[freenet-devl] Looking for a research project?

Mon Apr 16 15:56:00 PDT 2001

I'm CCing this to the Beowulf mailing list, as there are people there who
will know a lot more about this then me.

For the benifit of the Beowulf people:  On the Freenet mailing list (see
www.freenetproject.org if you're unfamiler with Freenet), we're talking
about doing a research project involving Freenet, particularly doing
simulations of the network.

----- Original Message -----
From: "Ian Clarke" <ian at hawk.freenetproject.org>
To: <devl at freenetproject.org>
Sent: Monday, April 16, 2001 12:58 PM
Subject: Re: [freenet-devl] Looking for a research project?

>On Mon, Apr 16, 2001 at 02:21:32PM -0700, Timm Murray wrote:
>> Anyone else around here an armchair Chaos Theorist (or even a real Chaos
>> Theorist)?  If the simulations don't incorperate the size-bias they will
be
>> fately flawed.
>
>It depends what you are using the simulations for.  We have primarily
>used them to test the scalability of the general system, I don't think
>the size bias would affect this, it will really effect document's
>longevity in the system, which we haven't measured yet.
>
>> Freenet is a natural system, and thus any simuations are
>> susceptable to the Butterfly Effect.
>
>Not all complex systems are chaotic.  I disagree that Freenet is a
>chaotic system since it doesn't seem to be particularly reliant on the
>initial configuration of the network (a chaotic system would be).
>
>> Freenet is a natural system, and thus any simuations are
>> susceptable to the Butterfly Effect.
>
>Not all complex systems are chaotic.  I disagree that Freenet is a
>chaotic system since it doesn't seem to be particularly reliant on the
>initial configuration of the network (a chaotic system would be).

I would argue that the initial configuration of the /network/ isn't chaotic,
but the path a document takes upon initial insertion and the subsequent
requests are.  You were right to say that it depends on what part of Freenet
you're simulating.

I think the best simulation you could have would be a Beowulf cluster with
each node in the cluster running multiple Freenet nodes (all on a diffrent
port and data store).  If Fred (for the Beowulf people: Fred is the Freenet
Refrance program, which is written in Java) can someday work well with a GCJ
compile, you could put something like 20 Freenet nodes on a single Beowulf
node, even with each node being only a 486.  Note that our little
Freenet-in-Beowulf never talks to the Freenet on the Internet itself.

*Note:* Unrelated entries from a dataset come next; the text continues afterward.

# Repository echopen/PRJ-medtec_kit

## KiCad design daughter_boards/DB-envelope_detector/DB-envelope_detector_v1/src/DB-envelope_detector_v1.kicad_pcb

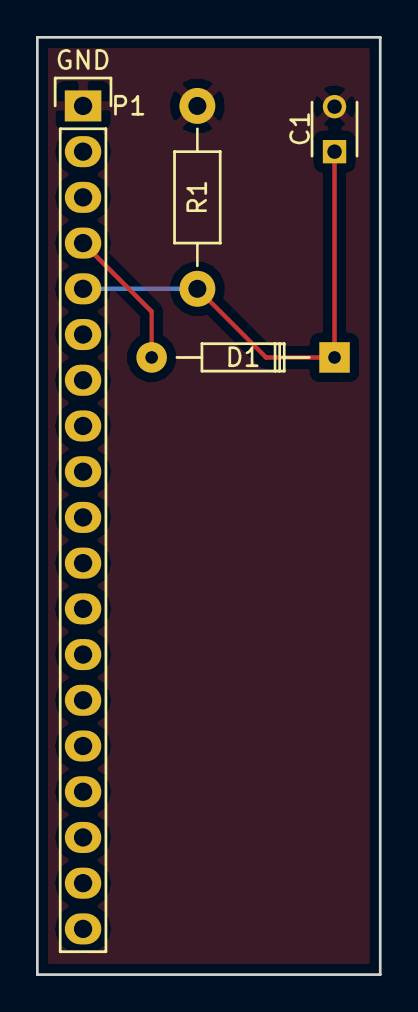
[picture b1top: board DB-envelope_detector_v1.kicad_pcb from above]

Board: 2 copper layers, 19.0 x 52.1 mm, 4 parts (0 on the bottom side), 3 nets.

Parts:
C1: 10p; C_Disc_D3_P2.5
D1: 1N60; Diode_DO-35_SOD27_Horizontal_RM10
P1: CONN_01X19; Header_pin_angled_1x19
R1: 3.9k; Resistor_Horizontal_RM10mm

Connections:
GND: C1.2, P1.1, R1.2
unnamed: C1.1, D1.1, P1.5, R1.1
unnamed: D1.2, P1.4

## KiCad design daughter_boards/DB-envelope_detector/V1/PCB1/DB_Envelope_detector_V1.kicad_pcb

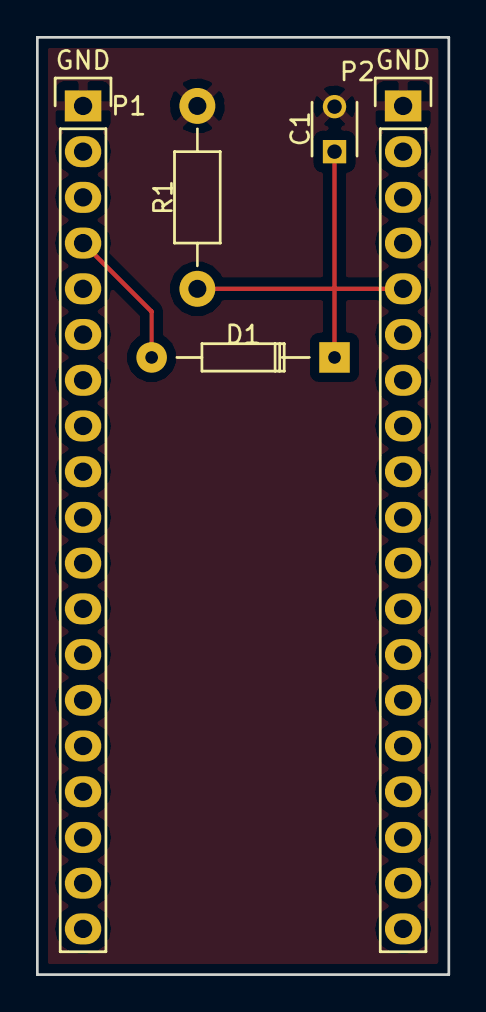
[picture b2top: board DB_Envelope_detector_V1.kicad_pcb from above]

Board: 2 copper layers, 22.9 x 52.1 mm, 5 parts (0 on the bottom side), 3 nets.

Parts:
C1: 10p; C_Disc_D3_P2.5
D1: 1N60; Diode_DO-35_SOD27_Horizontal_RM10
P1, P2: CONN_01X19; Header_pin_1x19
R1: 3.9k; Resistor_Horizontal_RM10mm

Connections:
GND: C1.2, P1.1, P2.1, R1.2
unnamed: C1.1, D1.1, P2.5, R1.1
unnamed: D1.2, P1.4

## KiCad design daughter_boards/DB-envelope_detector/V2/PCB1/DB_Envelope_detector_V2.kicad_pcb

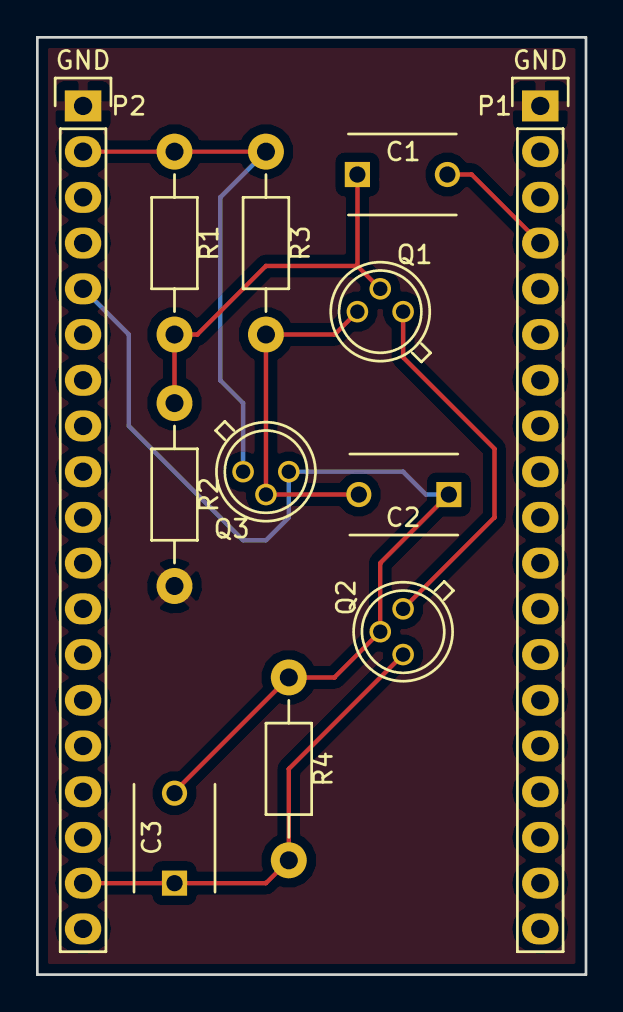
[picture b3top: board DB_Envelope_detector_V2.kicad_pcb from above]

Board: 2 copper layers, 30.5 x 52.1 mm, 12 parts (0 on the bottom side), 8 nets.

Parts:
C1: 10nF; C_Disc_D6_P5
C2: 1nF; C_Disc_D6_P5
C3: 33nF; C_Disc_D6_P5
P1, P2: CONN_01X19; Header_pin_1x19
Q1: 2N2222; TO-18_3Pin
Q2, Q3: 2N2907; TO-18_3Pin
R1: 2800; Resistor_Horizontal_RM10mm
R2: 1000; Resistor_Horizontal_RM10mm
R3, R4: 330; Resistor_Horizontal_RM10mm

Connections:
GND: P1.1, P2.1, R2.2
unnamed: C1.1, Q1.2, R1.2, R2.1
unnamed: C1.2, P1.4
unnamed: C2.1, C3.2, P2.5, Q2.2, Q3.3, R4.1
unnamed: C2.2, Q1.3, Q3.2, R3.2
unnamed: C3.1, P2.18, Q2.3, R4.2
unnamed: P2.2, Q3.1, R1.1, R3.1
unnamed: Q1.1, Q2.1

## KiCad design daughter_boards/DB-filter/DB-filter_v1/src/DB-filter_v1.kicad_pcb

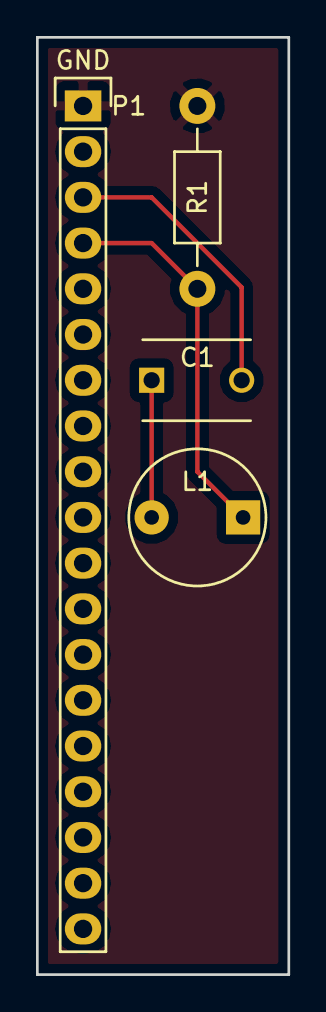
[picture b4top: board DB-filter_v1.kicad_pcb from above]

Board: 2 copper layers, 14.0 x 52.1 mm, 4 parts (0 on the bottom side), 4 nets.

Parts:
C1: 1n; C_TH_common
L1: 10u; INDUCTOR_V
P1: CONN_01X19; Header_pin_angled_1x19
R1: 330; Resistor_TH_common

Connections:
GND: P1.1, R1.2
unnamed: C1.1, L1.2
unnamed: C1.2, P1.3
unnamed: L1.1, P1.4, R1.1

I would suggest each node being something like this:
--486 processor or low-end Pentium
--64 MB RAM
--200 MB hard drives
--10/100 Mb (or maybe just 10) Ethernet card

The head node should be beafier, as it needs to handle a lot of bandwidth:
-- Pentium III or Athlon
-- 256 MB RAM
-- ?? GB hard drive (see below)
-- Gigabit / Myrnet / mutiple 10/100 Ethernet

The general nodes NFS mount a partition on the head node and store their
Freenet data store there.  Thus, the head node needs to be able to handle
the bandwidth.  Lets give each Freenet node within the Beowulf a 200 MB
store.  So, running 20 Freenet nodes per Beowulf node, you need:

200 * 20 * n = x

ammount of hard drive space on that particular partition, where n is the
number of Beowulf nodes.  20 Beowulf nodes gives you 200 * 20 * 20 = 80,000
MB (~80 GB).  The head node will also be responsible for running a script
which parses logs from the Freenet nodes.  If done correctly, the script
should be able to figure out where each piece of data exists on the network
and which nodes know about each other (in Freenet terms, "how well connected
the network is).  This script (or set of scripts) is probably the most
complex part.

The most difficult part, as stated before, is replicating user behavior.  I
suggest the following meathod, which addmittedly isn't perfect, but it's the
best automated solution I could think of while sitting here scratching my
head:

Consider that any document has four levels of popularity (high, medium, low,
and none) and three levels of size (high, medium, low).  You may get better
results if you add more levels in between.  Then, a stream of bytes is
grabed out of /dev/random that coresponds to it's size (a la `dd
if=/dev/random of=/tmp/somefile count=1 bs=<size>`).  I suggest making the
levels of size a range of sizes (like "10-30 MB") instead of a fixed length.
It then gives it to a random Beowulf node to be inserted on one of it's
Freenet nodes (again, exactly which Freenet node is choosen at random).  The
head node now asks other, random Beowulf nodes to request the file using
random Freenet nodes.  Exactly how many Freenet nodes should be requesting
this depends on the document's preselected popularity.  Information such as
the HTL needed to request the file should be recorded and sent back to the
head node for processing (for the Beowulf people: HTL is "Hops To Live", or
how many nodes you had to pass through to get your data)

This could probably use some refinement, but it's a start.

Timm Murray
--------------------

Life is like a perl script:  Really short and messy.